* [Exercise material]:
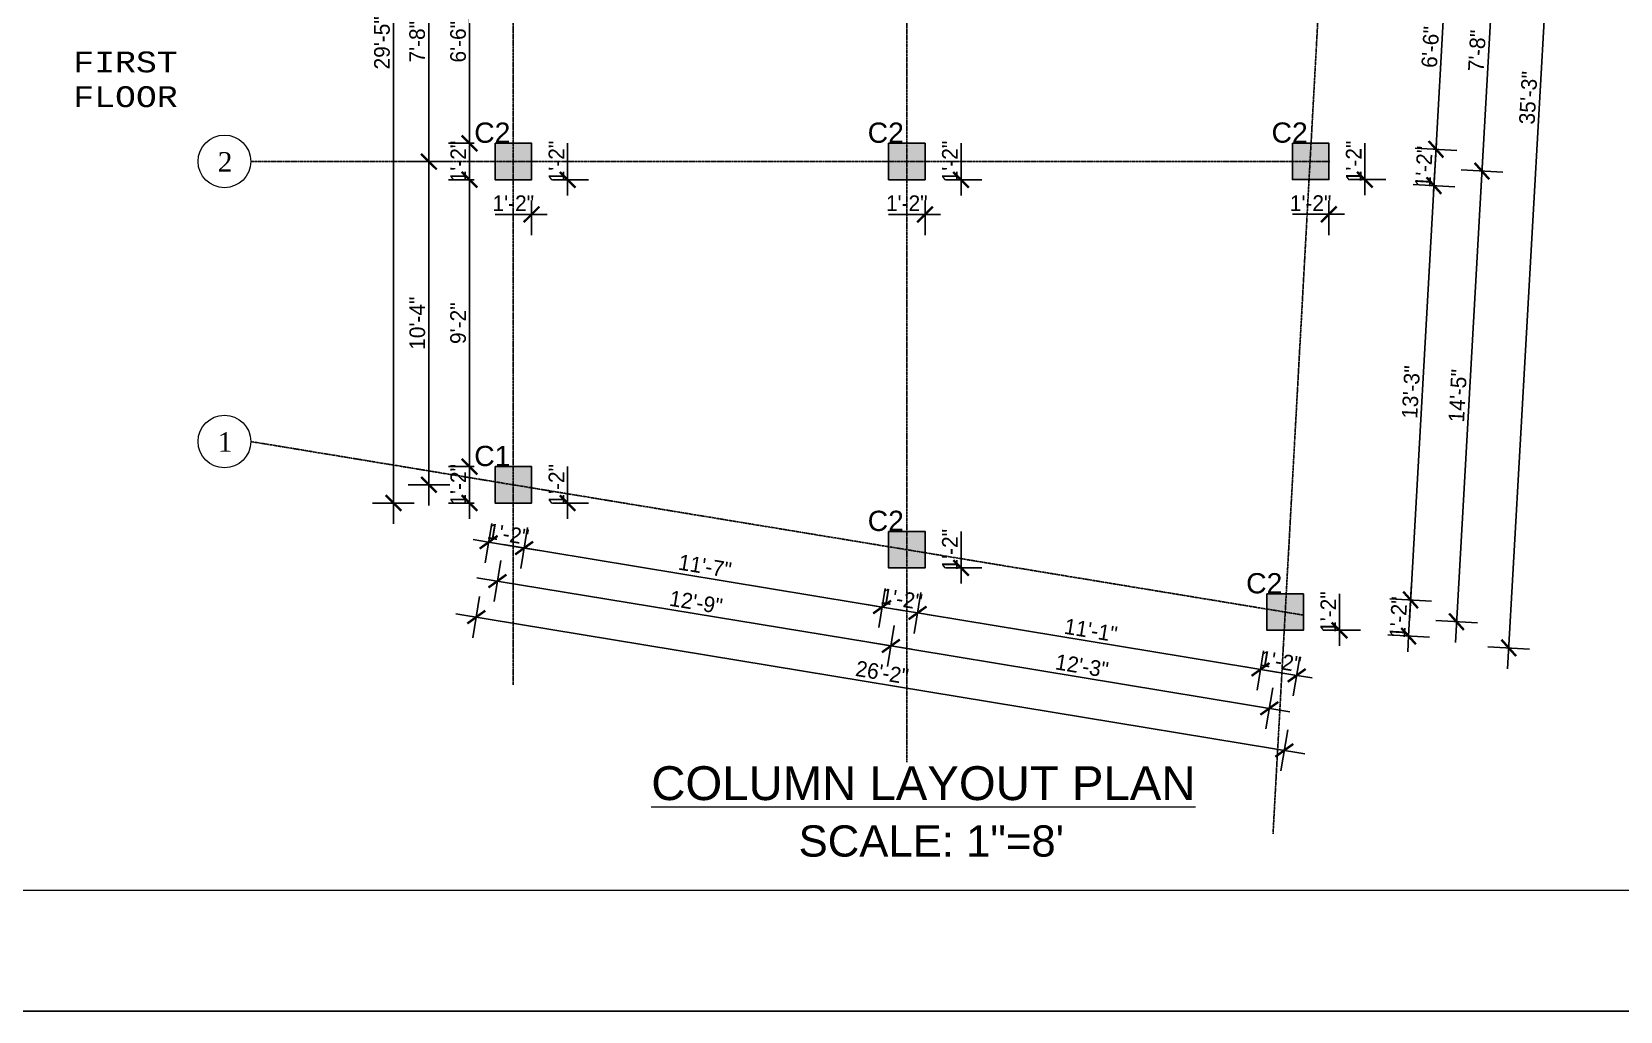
# Model space of a CAD drawing. Header units: inches. Extents: x -412 to 2766, y -9590 to -2111.
# Drawn here: x 469 to 1079, y -6958 to -6582 of the extents above; entities that cross this region are included whole.
import ezdxf

# ---------------------------------------------------------------- set-up
doc = ezdxf.new("R2010")
doc.units = ezdxf.units.IN
doc.header["$LTSCALE"] = 0.5
doc.header["$MEASUREMENT"] = 0
doc.header["$PDMODE"] = 66
doc.linetypes.add('PHANTOM2', pattern=[1.25, 0.625, -0.125, 0.125, -0.125, 0.125, -0.125])
for name, color, linetype, lineweight in [('15 TEXT', 7, 'Continuous', 15), ('COLUMN', 8, 'Continuous', 50), ('DOOR & WIN', 1, 'Continuous', 25), ('ELE1', 3, 'Continuous', 9), ('Profile ele', 4, 'Continuous', 25), ('TEXT', 220, 'Continuous', 9), ('window', 6, 'Continuous', 13)]:
    doc.layers.add(name, color=color, linetype=linetype, lineweight=lineweight)
doc.layers.add('OUTLINE', color=116, linetype='Continuous')
doc.styles.add('ARCHITECTURE', font='stylu.ttf')
doc.styles.add('arial', font='arial.ttf')
doc.styles.add('CUNEW', font='cour.ttf')
doc.styles.get("Standard").update_dxf_attribs({"font": 'arial.ttf'})
doc.dimstyles.new('8 SCALE', dxfattribs={"dimscale": 0, "dimtxt": 6, "dimasz": 6, "dimexe": 8, "dimexo": 8, "dimgap": 1.25, "dimtad": 1, "dimdec": 0, "dimzin": 3, "dimdsep": 46, "dimlunit": 4, "dimtxsty": 'ARCHITECTURE', "dimblk": 'ARCHTICK', "dimcen": 8, "dimdle": 8, "dimclrd": 5, "dimclre": 5, "dimclrt": 7, "dimadec": 0, "dimazin": 0, "dimtfac": 0.75, "dimtdec": 0, "dimtix": 1, "dimtmove": 2, "dimatfit": 3, "dimldrblk": 'ARCHTICK', "dimfxl": 8, "dimfxlon": 1, "dimtolj": 1, "dimtzin": 0, "dimlwd": -1, "dimlwe": -1, "dimarcsym": 0})

# ---------------------------------------------------------------- blocks, each defined once
blk = doc.blocks.new('52')
at = {"layer": '15 TEXT', "insert": (-16228.46, -17032.78, 0), "char_height": 8, "width": 201.2125, "attachment_point": 3, "style": 'CUNEW'}
blk.add_mtext('FIRST\\PFLOOR', dxfattribs=at)
blk = doc.blocks.new('_ArchTick')
at = {"color": 0, "linetype": 'ByBlock', "const_width": 0.15}
blk.add_lwpolyline([(-0.5, -0.5), (0.5, 0.5)], dxfattribs=at)
blk = doc.blocks.new('*D1134')
at = {"layer": 'Defpoints', "color": 0, "transparency": 16777216}
for p in [(-14449.82, -11230.22), (-14452.67, -11247.5), (-14312.82, -11255.13)]:
    blk.add_point(p, dxfattribs=at)
at = {"layer": 'Profile ele', "color": 5, "transparency": 16777216}
for p, q in [((-14451.36, -11239.6), (-14453.97, -11255.39)), ((-14307.4, -11271.46), (-14460.56, -11246.19)), ((-14314.12, -11263.02), (-14316.6, -11278.05))]:
    blk.add_line(p, q, dxfattribs=at)
at = {"layer": 'Profile ele', "color": 5, "transparency": 16777216, "xscale": 6, "yscale": 6, "zscale": 6}
for p, rotation in [((-14452.67, -11247.5), 170.6334039608591), ((-14315.29, -11270.16), 350.6334039608591)]:
    blk.add_blockref('_ArchTick', p, dxfattribs=dict(at, rotation=rotation))
at = {"layer": 'Profile ele', "color": 7, "transparency": 16777216, "insert": (-14383.25, -11254.42), "char_height": 6, "attachment_point": 5, "rotation": 350.6334, "style": 'ARCHITECTURE'}
blk.add_mtext('\\A1;11\'-7"', dxfattribs=at)
blk = doc.blocks.new('*D1135')
at = {"layer": 'Defpoints', "color": 0, "transparency": 16777216}
for p in [(-14463.82, -11230.22), (-14449.82, -11230.22), (-14466.29, -11245.25)]:
    blk.add_point(p, dxfattribs=at)
at = {"layer": 'Profile ele', "color": 5, "transparency": 16777216}
for p, q in [((-14465.12, -11238.12), (-14467.6, -11253.14)), ((-14451.36, -11239.6), (-14453.97, -11255.39)), ((-14466.29, -11245.25), (-14472.21, -11244.27)), ((-14452.67, -11247.5), (-14466.29, -11245.25)), ((-14452.67, -11247.5), (-14446.75, -11248.47))]:
    blk.add_line(p, q, dxfattribs=at)
at = {"layer": 'Profile ele', "color": 5, "transparency": 16777216, "xscale": 6, "yscale": 6, "zscale": 6}
for p, rotation in [((-14466.29, -11245.25), 350.6334039608591), ((-14452.67, -11247.5), 170.6334039608591)]:
    blk.add_blockref('_ArchTick', p, dxfattribs=dict(at, rotation=rotation))
at = {"layer": 'Profile ele', "color": 7, "transparency": 16777216, "insert": (-14458.78, -11242.12), "char_height": 6, "attachment_point": 5, "rotation": 350.6334, "style": 'ARCHITECTURE'}
blk.add_mtext('\\A1;1\'-2"', dxfattribs=at)
blk = doc.blocks.new('*D1136')
at = {"layer": 'Defpoints', "color": 0, "transparency": 16777216}
for p in [(-14312.82, -11255.13), (-14298.82, -11255.13), (-14301.67, -11272.4)]:
    blk.add_point(p, dxfattribs=at)
at = {"layer": 'Profile ele', "color": 5, "transparency": 16777216}
for p, q in [((-14314.12, -11263.02), (-14316.6, -11278.05)), ((-14300.36, -11264.51), (-14302.97, -11280.3)), ((-14315.29, -11270.16), (-14321.21, -11269.18)), ((-14315.29, -11270.16), (-14301.67, -11272.4)), ((-14301.67, -11272.4), (-14295.75, -11273.38))]:
    blk.add_line(p, q, dxfattribs=at)
at = {"layer": 'Profile ele', "color": 5, "transparency": 16777216, "xscale": 6, "yscale": 6, "zscale": 6}
for p, rotation in [((-14315.29, -11270.16), 350.6334039608591), ((-14301.67, -11272.4), 170.6334039608591)]:
    blk.add_blockref('_ArchTick', p, dxfattribs=dict(at, rotation=rotation))
at = {"layer": 'Profile ele', "color": 7, "transparency": 16777216, "insert": (-14307.78, -11267.03), "char_height": 6, "attachment_point": 5, "rotation": 350.6334, "style": 'ARCHITECTURE'}
blk.add_mtext('\\A1;1\'-2"', dxfattribs=at)
blk = doc.blocks.new('*D1137')
at = {"layer": 'Defpoints', "color": 0, "transparency": 16777216}
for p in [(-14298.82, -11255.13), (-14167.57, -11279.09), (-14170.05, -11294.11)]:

* [The task]:
After identifying the lines above that contain "arial", copy each one.

* [Exercise answer]:
doc.styles.add('arial', font='arial.ttf')
doc.styles.get("Standard").update_dxf_attribs({"font": 'arial.ttf'})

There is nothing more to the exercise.